§ Stored data
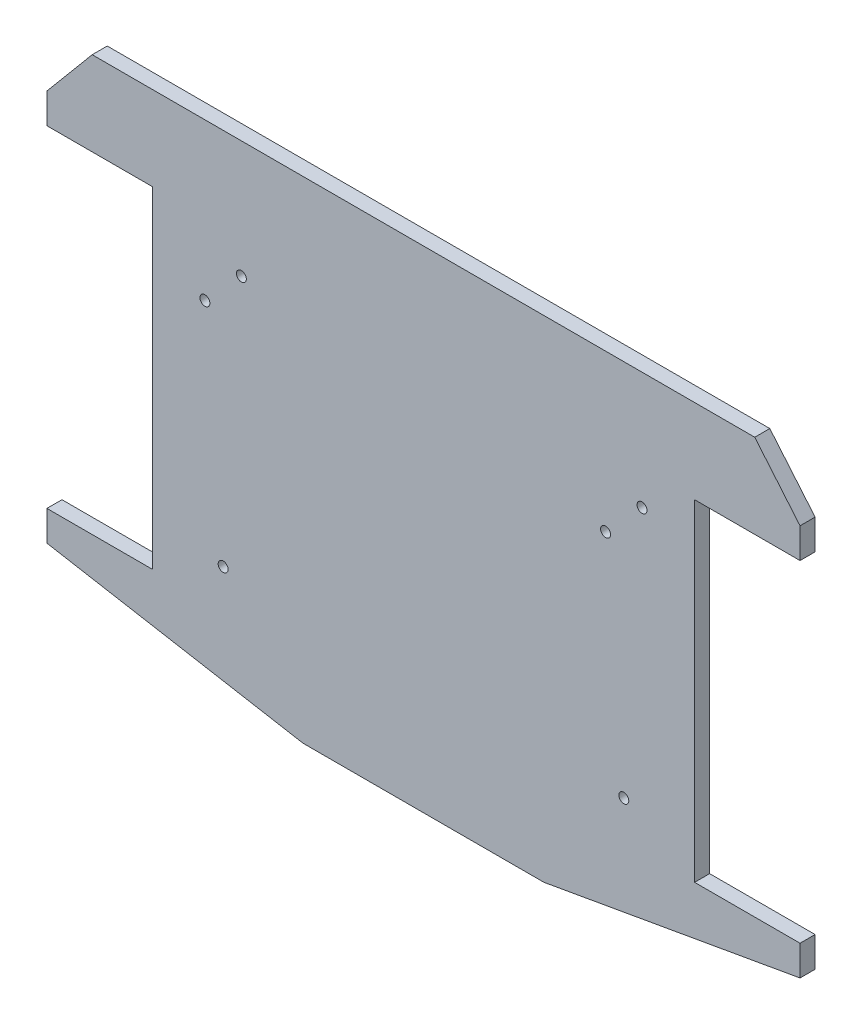
ISO-10303-21;
HEADER;
FILE_DESCRIPTION(('STEP AP214'),'2;1');
FILE_NAME('part.step','',(''),(''),'','','');
FILE_SCHEMA(('AUTOMOTIVE_DESIGN { 1 0 10303 214 1 1 1 1 }'));
ENDSEC;
DATA;
#1=APPLICATION_CONTEXT('core data for automotive mechanical design processes');
#2=APPLICATION_PROTOCOL_DEFINITION('international standard','automotive_design',2000,#1);
#3=PRODUCT_CONTEXT('',#1,'mechanical');
#4=PRODUCT('Part','Part','',(#3));
#5=PRODUCT_RELATED_PRODUCT_CATEGORY('part','',(#4));
#6=PRODUCT_DEFINITION_FORMATION('','',#4);
#7=PRODUCT_DEFINITION_CONTEXT('part definition',#1,'design');
#8=PRODUCT_DEFINITION('design','',#6,#7);
#9=PRODUCT_DEFINITION_SHAPE('','',#8);
#10=(LENGTH_UNIT() NAMED_UNIT(*) SI_UNIT(.MILLI.,.METRE.));
#11=(NAMED_UNIT(*) PLANE_ANGLE_UNIT() SI_UNIT($,.RADIAN.));
#12=(NAMED_UNIT(*) SI_UNIT($,.STERADIAN.) SOLID_ANGLE_UNIT());
#13=UNCERTAINTY_MEASURE_WITH_UNIT(LENGTH_MEASURE(1.E-05),#10,'distance_accuracy_value','');
#14=(GEOMETRIC_REPRESENTATION_CONTEXT(3) GLOBAL_UNCERTAINTY_ASSIGNED_CONTEXT((#13)) GLOBAL_UNIT_ASSIGNED_CONTEXT((#10,
#11,#12)) REPRESENTATION_CONTEXT('',''));
#15=CARTESIAN_POINT('',(0.,0.,0.));
#16=DIRECTION('',(0.,0.,1.));
#17=DIRECTION('',(1.,0.,0.));
#18=AXIS2_PLACEMENT_3D('',#15,#16,#17);
#19=CARTESIAN_POINT('',(194.06239308074,165.255996489893,27.4678207814801));
#20=DIRECTION('',(0.,-1.,0.));
#21=DIRECTION('',(0.,0.,-1.));
#22=AXIS2_PLACEMENT_3D('',#19,#20,#21);
#23=PLANE('',#22);
#24=DIRECTION('',(1.,0.,0.));
#25=VECTOR('',#24,1.);
#26=CARTESIAN_POINT('',(194.06239308074,165.255996489893,32.4678207814801));
#27=LINE('',#26,#25);
#28=CARTESIAN_POINT('',(159.06239308074,165.255996489893,32.4678207814801));
#29=VERTEX_POINT('',#28);
#30=CARTESIAN_POINT('',(194.06239308074,165.255996489893,32.4678207814801));
#31=VERTEX_POINT('',#30);
#32=EDGE_CURVE('E182',#29,#31,#27,.T.);
#33=ORIENTED_EDGE('',*,*,#32,.T.);
#34=DIRECTION('',(0.,0.,1.));
#35=VECTOR('',#34,1.);
#36=CARTESIAN_POINT('',(194.06239308074,165.255996489893,27.4678207814801));
#37=LINE('',#36,#35);
#38=CARTESIAN_POINT('',(194.06239308074,165.255996489893,27.4678207814801));
#39=VERTEX_POINT('',#38);
#40=EDGE_CURVE('E11',#39,#31,#37,.T.);
#41=ORIENTED_EDGE('',*,*,#40,.F.);
#42=DIRECTION('',(1.,0.,0.));
#43=VECTOR('',#42,1.);
#44=CARTESIAN_POINT('',(194.06239308074,165.255996489893,27.4678207814801));
#45=LINE('',#44,#43);
#46=CARTESIAN_POINT('',(159.06239308074,165.255996489893,27.4678207814801));
#47=VERTEX_POINT('',#46);
#48=EDGE_CURVE('E212',#47,#39,#45,.T.);
#49=ORIENTED_EDGE('',*,*,#48,.F.);
#50=DIRECTION('',(0.,0.,1.));
#51=VECTOR('',#50,1.);
#52=CARTESIAN_POINT('',(159.06239308074,165.255996489893,27.4678207814801));
#53=LINE('',#52,#51);
#54=EDGE_CURVE('E178',#47,#29,#53,.T.);
#55=ORIENTED_EDGE('',*,*,#54,.T.);
#56=EDGE_LOOP('',(#33,#41,#49,#55));
#57=FACE_BOUND('',#56,.T.);
#58=ADVANCED_FACE('F36',(#57),#23,.F.);
#59=CARTESIAN_POINT('',(194.06239308074,165.255996489893,27.4678207814801));
#60=DIRECTION('',(1.,0.,0.));
#61=DIRECTION('',(0.,0.,-1.));
#62=AXIS2_PLACEMENT_3D('',#59,#60,#61);
#63=PLANE('',#62);
#64=DIRECTION('',(0.,1.,0.));
#65=VECTOR('',#64,1.);
#66=CARTESIAN_POINT('',(194.06239308074,165.255996489893,32.4678207814801));
#67=LINE('',#66,#65);
#68=CARTESIAN_POINT('',(194.06239308074,275.255996489893,32.4678207814801));
#69=VERTEX_POINT('',#68);
#70=EDGE_CURVE('E185',#31,#69,#67,.T.);
#71=ORIENTED_EDGE('',*,*,#70,.T.);
#72=DIRECTION('',(0.,0.,1.));
#73=VECTOR('',#72,1.);
#74=CARTESIAN_POINT('',(194.06239308074,275.255996489893,27.4678207814801));
#75=LINE('',#74,#73);
#76=CARTESIAN_POINT('',(194.06239308074,275.255996489893,27.4678207814801));
#77=VERTEX_POINT('',#76);
#78=EDGE_CURVE('E45',#77,#69,#75,.T.);
#79=ORIENTED_EDGE('',*,*,#78,.F.);
#80=DIRECTION('',(0.,1.,0.));
#81=VECTOR('',#80,1.);
#82=CARTESIAN_POINT('',(194.06239308074,165.255996489893,27.4678207814801));
#83=LINE('',#82,#81);
#84=EDGE_CURVE('E121',#39,#77,#83,.T.);
#85=ORIENTED_EDGE('',*,*,#84,.F.);
#86=ORIENTED_EDGE('',*,*,#40,.T.);
#87=EDGE_LOOP('',(#71,#79,#85,#86));
#88=FACE_BOUND('',#87,.T.);
#89=ADVANCED_FACE('F300',(#88),#63,.F.);
#90=CARTESIAN_POINT('',(194.06239308074,275.255996489893,27.4678207814801));
#91=DIRECTION('',(0.,1.,0.));
#92=DIRECTION('',(0.,0.,1.));
#93=AXIS2_PLACEMENT_3D('',#90,#91,#92);
#94=PLANE('',#93);
#95=DIRECTION('',(-1.,0.,0.));
#96=VECTOR('',#95,1.);
#97=CARTESIAN_POINT('',(194.06239308074,275.255996489893,32.4678207814801));
#98=LINE('',#97,#96);
#99=CARTESIAN_POINT('',(159.06239308074,275.255996489893,32.4678207814801));
#100=VERTEX_POINT('',#99);
#101=EDGE_CURVE('E187',#69,#100,#98,.T.);
#102=ORIENTED_EDGE('',*,*,#101,.T.);
#103=DIRECTION('',(0.,0.,1.));
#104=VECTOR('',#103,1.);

§ Task
Set down, exactly as they stand above, the lines starting with the line with "#41=ORIENTED_EDGE('',*,*,#40,.F.);" and going on through the line with "#67=LINE('',#66,#65);", and no others.

§ Exercise result
#41=ORIENTED_EDGE('',*,*,#40,.F.);
#42=DIRECTION('',(1.,0.,0.));
#43=VECTOR('',#42,1.);
#44=CARTESIAN_POINT('',(194.06239308074,165.255996489893,27.4678207814801));
#45=LINE('',#44,#43);
#46=CARTESIAN_POINT('',(159.06239308074,165.255996489893,27.4678207814801));
#47=VERTEX_POINT('',#46);
#48=EDGE_CURVE('E212',#47,#39,#45,.T.);
#49=ORIENTED_EDGE('',*,*,#48,.F.);
#50=DIRECTION('',(0.,0.,1.));
#51=VECTOR('',#50,1.);
#52=CARTESIAN_POINT('',(159.06239308074,165.255996489893,27.4678207814801));
#53=LINE('',#52,#51);
#54=EDGE_CURVE('E178',#47,#29,#53,.T.);
#55=ORIENTED_EDGE('',*,*,#54,.T.);
#56=EDGE_LOOP('',(#33,#41,#49,#55));
#57=FACE_BOUND('',#56,.T.);
#58=ADVANCED_FACE('F36',(#57),#23,.F.);
#59=CARTESIAN_POINT('',(194.06239308074,165.255996489893,27.4678207814801));
#60=DIRECTION('',(1.,0.,0.));
#61=DIRECTION('',(0.,0.,-1.));
#62=AXIS2_PLACEMENT_3D('',#59,#60,#61);
#63=PLANE('',#62);
#64=DIRECTION('',(0.,1.,0.));
#65=VECTOR('',#64,1.);
#66=CARTESIAN_POINT('',(194.06239308074,165.255996489893,32.4678207814801));
#67=LINE('',#66,#65);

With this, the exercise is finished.